Records from a data collection:
════
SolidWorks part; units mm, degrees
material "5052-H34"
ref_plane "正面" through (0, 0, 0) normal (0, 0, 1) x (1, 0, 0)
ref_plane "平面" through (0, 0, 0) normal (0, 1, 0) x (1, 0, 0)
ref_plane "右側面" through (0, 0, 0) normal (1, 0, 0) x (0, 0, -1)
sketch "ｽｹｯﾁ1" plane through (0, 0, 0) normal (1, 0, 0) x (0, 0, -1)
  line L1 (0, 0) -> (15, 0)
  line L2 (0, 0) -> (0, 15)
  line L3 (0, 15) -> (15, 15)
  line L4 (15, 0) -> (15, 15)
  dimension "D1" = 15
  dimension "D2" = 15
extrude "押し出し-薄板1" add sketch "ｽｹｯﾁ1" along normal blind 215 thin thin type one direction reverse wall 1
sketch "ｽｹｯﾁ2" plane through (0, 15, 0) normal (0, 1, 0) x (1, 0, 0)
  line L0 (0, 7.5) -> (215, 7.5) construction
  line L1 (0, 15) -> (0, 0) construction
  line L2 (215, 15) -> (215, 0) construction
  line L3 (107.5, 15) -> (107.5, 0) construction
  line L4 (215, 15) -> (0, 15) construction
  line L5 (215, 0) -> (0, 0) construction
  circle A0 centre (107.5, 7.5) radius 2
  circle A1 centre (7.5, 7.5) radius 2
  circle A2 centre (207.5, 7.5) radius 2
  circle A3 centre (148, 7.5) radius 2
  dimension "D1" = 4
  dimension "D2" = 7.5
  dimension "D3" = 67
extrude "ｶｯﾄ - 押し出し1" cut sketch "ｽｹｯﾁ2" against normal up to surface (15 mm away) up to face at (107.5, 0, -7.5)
════
=== BRIEF ===
Using the entries above, state how many lines include the word "radius", with no other words.

=== OUTPUT OF THE TASK ===
4